KDE overlay concept in Matplotlib - Time & Space Complexity
We want to understand how the time to create a KDE overlay plot changes as we add more data points.
How does the plotting time grow when we increase the data size?
Analyze the time complexity of the following matplotlib code snippet.
import numpy as np
import matplotlib.pyplot as plt
from scipy.stats import gaussian_kde
n = 1000 # Added definition for n
data1 = np.random.normal(0, 1, n)
data2 = np.random.normal(1, 1, n)
kde1 = gaussian_kde(data1)
kde2 = gaussian_kde(data2)
x = np.linspace(-5, 5, 1000)
plt.plot(x, kde1(x))
plt.plot(x, kde2(x))
plt.show()
This code creates two KDE curves from two datasets and overlays them on one plot.
Look for loops or repeated calculations in the code.
- Primary operation: Calculating KDE values for each point in
xfor both datasets. - How many times: For each of the 1000 points in
x, KDE evaluates a sum over allndata points, done twice (once per dataset).
The time to compute KDE grows as we increase n, the number of data points.
| Input Size (n) | Approx.
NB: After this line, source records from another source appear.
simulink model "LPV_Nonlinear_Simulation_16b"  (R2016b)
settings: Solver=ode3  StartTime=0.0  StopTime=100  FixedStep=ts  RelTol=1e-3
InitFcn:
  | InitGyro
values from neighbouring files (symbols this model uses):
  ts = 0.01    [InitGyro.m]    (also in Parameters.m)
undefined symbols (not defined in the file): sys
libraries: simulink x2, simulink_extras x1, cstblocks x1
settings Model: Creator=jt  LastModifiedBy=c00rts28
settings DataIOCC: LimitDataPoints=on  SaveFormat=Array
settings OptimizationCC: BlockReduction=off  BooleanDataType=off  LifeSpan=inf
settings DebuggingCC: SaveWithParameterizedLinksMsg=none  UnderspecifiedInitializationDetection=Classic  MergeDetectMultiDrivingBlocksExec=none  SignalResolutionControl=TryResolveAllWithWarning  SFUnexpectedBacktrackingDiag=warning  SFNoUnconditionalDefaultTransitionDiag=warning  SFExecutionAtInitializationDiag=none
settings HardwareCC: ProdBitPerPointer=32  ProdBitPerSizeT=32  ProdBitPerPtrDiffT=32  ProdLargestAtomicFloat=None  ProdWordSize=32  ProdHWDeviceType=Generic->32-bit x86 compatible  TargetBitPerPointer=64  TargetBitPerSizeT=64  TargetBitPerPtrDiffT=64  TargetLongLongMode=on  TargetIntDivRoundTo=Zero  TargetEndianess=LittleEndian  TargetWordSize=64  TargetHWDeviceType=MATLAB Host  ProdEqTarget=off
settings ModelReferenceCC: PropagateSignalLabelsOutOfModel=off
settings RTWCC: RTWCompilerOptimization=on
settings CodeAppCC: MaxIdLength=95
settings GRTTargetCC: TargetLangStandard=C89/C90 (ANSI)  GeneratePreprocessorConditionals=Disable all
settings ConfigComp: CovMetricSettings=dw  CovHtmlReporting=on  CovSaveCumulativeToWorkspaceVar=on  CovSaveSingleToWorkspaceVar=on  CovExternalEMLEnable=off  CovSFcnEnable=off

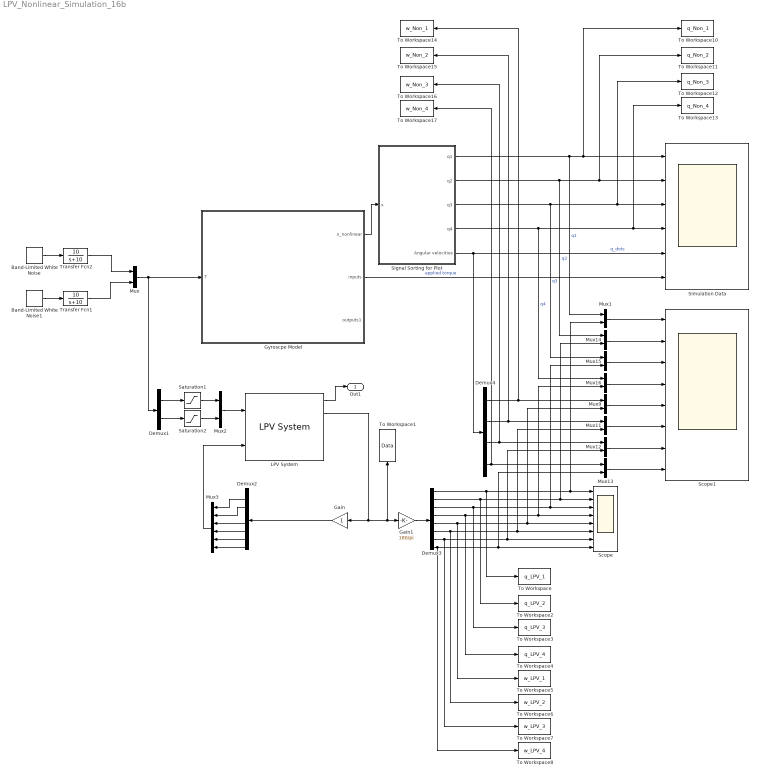
== system LPV_Nonlinear_Simulation_16b ==
  Band-Limited White Noise : simulink/Sources/Band-Limited White Noise  Cov=[0.000000001]  Ts=ts  seed=[23341]
  Band-Limited White Noise1 : simulink/Sources/Band-Limited White Noise  Cov=[0.000000001]  Ts=ts  seed=[23341]
  Demux1 : Demux  Outputs=2
  Demux2 : Demux  Outputs=8
  Demux3 : Demux  Outputs=8
  Demux4 : Demux
  Gain : Gain
  Gain1 : Gain  Gain=180/pi
  Gyroscpe Model : Subsystem
  LPV System : cstblocks/LPV System  sys=sysLPV  x0=[-0.21 -0.21 0.09 0.35 -0.55 0.55 0.45 0.45]';  uOffset=0  yOffset=0  xOffset=0  opEquilOption=off  dxOffset=0  sysFixedOption=Use the first model in state-space array  sysFixed=[]  AFixed=0  BFixed=0  CFixed=0  DFixed=0  uDelayFixed=true  yDelayFixed=true  iDelayFixed=true  IMethod=Linear  EMethod=Clip  IndexSearch=Binary search  IndexBegin=on  OutputX=on  OutputXdot=on  OutputLTI=on  OutputOP=on  DataType=double  SimMode=Interpreted execution  InitBufferSize=1024  FixedBuffer=off
  Mux{,1..2,9,11..16} (10 alike) : Mux  Inputs=2
  Mux3 : Mux  Inputs=6
  Saturation1 : Saturate  UpperLimit=0.666  LowerLimit=-0.666
  Saturation2 : Saturate  UpperLimit=2.44  LowerLimit=-2.44
  Scope : Scope  NumInputPorts=8
  Scope1 : Scope  NumInputPorts=8
  Signal Sorting for Plot : Subsystem
  Simulation Data : Scope  NumInputPorts=6
  To Workspace : ToWorkspace  VariableName=q_LPV_1  SaveFormat=Timeseries  SampleTime=-1
  To Workspace1 : ToWorkspace  VariableName=Data  SaveFormat=Timeseries  SampleTime=-1
  To Workspace10 : ToWorkspace  VariableName=q_Non_1  SaveFormat=Timeseries  SampleTime=-1
  To Workspace11 : ToWorkspace  VariableName=q_Non_2  SaveFormat=Timeseries  SampleTime=-1
  To Workspace12 : ToWorkspace  VariableName=q_Non_3  SaveFormat=Timeseries  SampleTime=-1
  To Workspace13 : ToWorkspace  VariableName=q_Non_4  SaveFormat=Timeseries  SampleTime=-1
  To Workspace14 : ToWorkspace  VariableName=w_Non_1  SaveFormat=Timeseries  SampleTime=-1
  To Workspace15 : ToWorkspace  VariableName=w_Non_2  SaveFormat=Timeseries  SampleTime=-1
  To Workspace16 : ToWorkspace  VariableName=w_Non_3  SaveFormat=Timeseries  SampleTime=-1
  To Workspace17 : ToWorkspace  VariableName=w_Non_4  SaveFormat=Timeseries  SampleTime=-1
  To Workspace2 : ToWorkspace  VariableName=q_LPV_2  SaveFormat=Timeseries  SampleTime=-1
  To Workspace3 : ToWorkspace  VariableName=q_LPV_3  SaveFormat=Timeseries  SampleTime=-1
  To Workspace4 : ToWorkspace  VariableName=q_LPV_4  SaveFormat=Timeseries  SampleTime=-1
  To Workspace5 : ToWorkspace  VariableName=w_LPV_1  SaveFormat=Timeseries  SampleTime=-1
  To Workspace6 : ToWorkspace  VariableName=w_LPV_2  SaveFormat=Timeseries  SampleTime=-1
  To Workspace7 : ToWorkspace  VariableName=w_LPV_3  SaveFormat=Timeseries  SampleTime=-1
  To Workspace8 : ToWorkspace  VariableName=w_LPV_4  SaveFormat=Timeseries  SampleTime=-1
  Transfer Fcn1 : TransferFcn  Numerator=[10]  Denominator=[1 10]
  Transfer Fcn2 : TransferFcn  Numerator=[10]  Denominator=[1 10]
  Out1 : Outport
  wires:
  Gyroscpe Model/1(x_nonlinear) -> Signal Sorting for Plot/1(x)
  Signal Sorting for Plot/1(q1) -> To Workspace10/1, Simulation Data/1, Mux1/1  "q1"
  Signal Sorting for Plot/2(q2) -> To Workspace11/1, Simulation Data/2, Mux14/1  "q2"
  Signal Sorting for Plot/4(q4) -> Simulation Data/4, To Workspace13/1, Mux16/1  "q4"
  Signal Sorting for Plot/3(q3) -> Simulation Data/3, To Workspace12/1, Mux15/1  "q3"
  Gyroscpe Model/2(inputs) -> Simulation Data/6  "applied torque"
  LPV System/1 -> Out1/1
  Mux3/1 -> LPV System/2
  Demux1/1 -> Saturation1/1
  Saturation1/1 -> Mux2/1
  Saturation2/1 -> Mux2/2
  Demux1/2 -> Saturation2/1
  Gain/1 -> Demux2/1
  Demux2/8 -> Mux3/6
  Demux2/7 -> Mux3/5
  Demux2/6 -> Mux3/4
  Demux2/5 -> Mux3/3
  Demux2/2 -> Mux3/1
  Demux2/3 -> Mux3/2
  Demux3/1 -> Scope/1, Mux1/2, To Workspace/1
  Demux3/2 -> Scope/2, Mux14/2, To Workspace2/1
  Demux3/3 -> Scope/3, Mux15/2, To Workspace3/1
  Demux3/4 -> Scope/4, Mux16/2, To Workspace4/1
  Demux3/5 -> Scope/5, Mux9/2, To Workspace5/1
  Demux3/6 -> Scope/6, Mux11/2, To Workspace6/1
  Demux3/7 -> Scope/7, Mux12/2, To Workspace7/1
  Demux3/8 -> Scope/8, Mux13/2, To Workspace8/1
  Mux9/1 -> Scope1/5
  Mux12/1 -> Scope1/7
  Mux13/1 -> Scope1/8
  Signal Sorting for Plot/5(Angular velocities) -> Simulation Data/5, Demux4/1  "q_dots"
  Demux4/1 -> To Workspace14/1, Mux9/1
  Demux4/2 -> To Workspace15/1, Mux11/1
  Demux4/3 -> To Workspace16/1, Mux12/1
  Demux4/4 -> To Workspace17/1, Mux13/1
  Mux1/1 -> Scope1/1
  Mux14/1 -> Scope1/2
  Mux15/1 -> Scope1/3
  Mux16/1 -> Scope1/4
  Mux2/1 -> LPV System/1
  Mux/1 -> Demux1/1, Gyroscpe Model/1(T)
  LPV System/2 -> Gain1/1, To Workspace1/1, Gain/1
  Band-Limited White Noise/1 -> Transfer Fcn2/1
  Band-Limited White Noise1/1 -> Transfer Fcn1/1
  Mux11/1 -> Scope1/6
  Gain1/1 -> Demux3/1
  Transfer Fcn1/1 -> Mux/2
  Transfer Fcn2/1 -> Mux/1

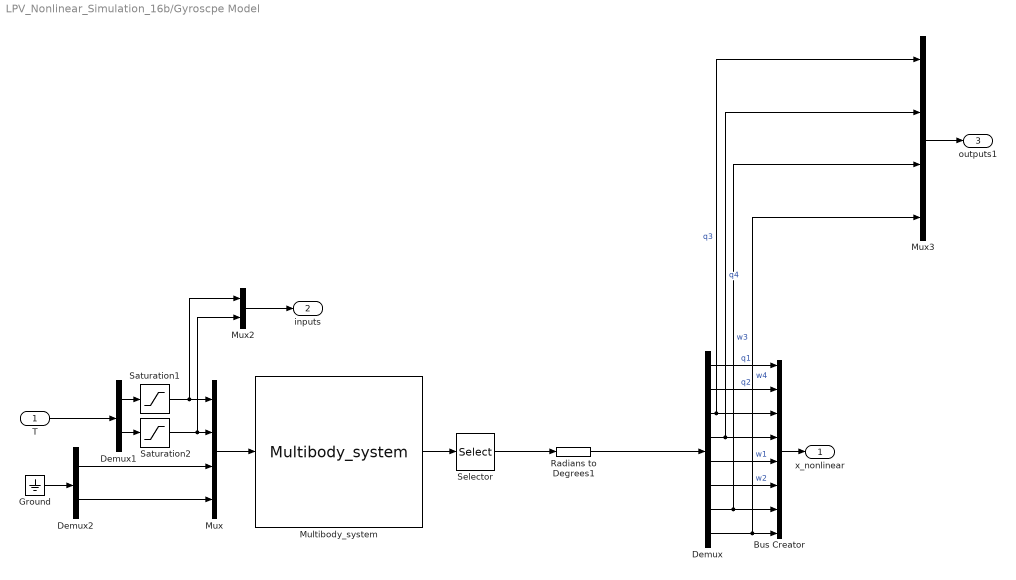
== system LPV_Nonlinear_Simulation_16b/Gyroscpe Model ==
  T : Inport
  Bus Creator : BusCreator  Inputs=8
  Demux : Demux  Outputs=8
  Demux1 : Demux  Outputs=2
  Demux2 : Demux  Outputs=2
  Ground : Ground
  Multibody_system : S-Function  FunctionName=Multibody_system  Parameters=paraStruct, initY, initDy  SFunctionDeploymentMode=off  EnableBusSupport=off  mask(Neweul-M2 nonlinear model){paraStruct=sys.parameters.data, initY=[-0.21 -0.21 0.09 0.35]';, initDy=[-0.55 0.55 0.45 0.45]';}
      mask prompts: paraStruct "Neweul-M2 Parameter Structure"; initY "Initial coordinates"; initDy "Initial velocities"
      mask help:
      | State-state representation of a multibody system
      | created with Neueul-MÂ².
      |
      | In order to run a simulation in Simulink you have to provide
      | the following input parameters:
      |   * Neweul-M2 Parameter Structure (sys.parameters.data)
      |     ... Structure containing all user-defined parameters
      |   * Initial coordinates (zeros(sys.counters.genCoord,1))
      |     ... Initial values for the generalized coordinates
      |   * Initial velocities (zeros(sys.dof,1))
      |     ... Initial values for the generalized velocities
      |
      | Neweul-MÂ²
      | Multibody systems based on symbolic Newton-Euler-Equations
      | Copyright (c) ITM University of Stuttgart, www.itm.uni-stuttgart.de
      mask Display:
      | port_label('output',1,'states [8x1]');
      | port_label('input',1,'control [4x1]');
  Mux : Mux
  Mux2 : Mux  Inputs=2
  Mux3 : Mux
  Radians to Degrees1 : simulink_extras/Transformations/Radians to Degrees
  Saturation1 : Saturate  UpperLimit=0.666  LowerLimit=-0.666
  Saturation2 : Saturate  UpperLimit=2.44  LowerLimit=-2.44
  Selector : Selector  IndexOptions=Index vector (dialog)  Indices=1:8  OutputSizes=1
  x_nonlinear : Outport
  inputs : Outport  Port=2
  outputs1 : Outport  Port=3
  wires:
  Multibody_system/1 -> Selector/1
  Selector/1 -> Radians to Degrees1/1
  Bus Creator/1 -> x_nonlinear/1
  Mux/1 -> Multibody_system/1
  Demux2/2 -> Mux/4
  Demux2/1 -> Mux/3
  Demux1/2 -> Saturation2/1
  Mux2/1 -> inputs/1
  Saturation2/1 -> Mux2/2, Mux/2
  Saturation1/1 -> Mux2/1, Mux/1
  Demux1/1 -> Saturation1/1
  T/1 -> Demux1/1
  Ground/1 -> Demux2/1
  Mux3/1 -> outputs1/1
  Demux/1 -> Bus Creator/1  "q1"
  Demux/2 -> Bus Creator/2  "q2"
  Demux/3 -> Mux3/1, Bus Creator/3  "q3"
  Demux/5 -> Bus Creator/5  "w1"
  Demux/4 -> Mux3/2, Bus Creator/4  "q4"
  Demux/6 -> Bus Creator/6  "w2"
  Demux/8 -> Mux3/4, Bus Creator/8  "w4"
  Demux/7 -> Mux3/3, Bus Creator/7  "w3"
  Radians to Degrees1/1 -> Demux/1

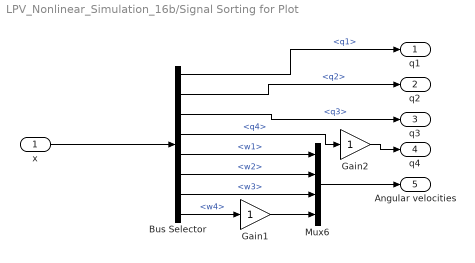
== system LPV_Nonlinear_Simulation_16b/Signal Sorting for Plot ==
  x : Inport
  Bus Selector : BusSelector  OutputSignals=q1,q2,q3,q4,w1,w2,w3,w4
  Gain1 : Gain
  Gain2 : Gain
  Mux6 : Mux
  q1 : Outport
  q2 : Outport  Port=2
  q3 : Outport  Port=3
  q4 : Outport  Port=4
  Angular velocities : Outport  Port=5
  wires:
  Bus Selector/3 -> q3/1  "<q3>"
  Bus Selector/2 -> q2/1  "<q2>"
  Bus Selector/1 -> q1/1  "<q1>"
  Mux6/1 -> Angular velocities/1
  Bus Selector/5 -> Mux6/1  "<w1>"
  Bus Selector/6 -> Mux6/2  "<w2>"
  Bus Selector/7 -> Mux6/3  "<w3>"
  x/1 -> Bus Selector/1
  Bus Selector/8 -> Gain1/1  "<w4>"
  Gain1/1 -> Mux6/4
  Bus Selector/4 -> Gain2/1  "<q4>"
  Gain2/1 -> q4/1

Operations |
|---|---|
| 10 | About 20,000 (2 datasets x 1000 points x 10 data points) |
| 100 | About 200,000 |
| 1000 | About 2,000,000 |
Pattern observation: The operations grow roughly in proportion to n, multiplied by the fixed 1000 points and 2 datasets.
Time Complexity: O(n)
This means the time to compute the KDE overlay grows linearly as the number of data points increases.
[X] Wrong: "The time to plot KDE does not depend on the number of data points because the x-axis points are fixed."
[OK] Correct: Even though the x-axis points are fixed, KDE calculation sums over all data points for each x value, so more data means more work.
Understanding how plotting time grows with data size helps you explain performance in data visualization tasks clearly and confidently.
What if we increased the number of x points from 1000 to 10,000? How would the time complexity change?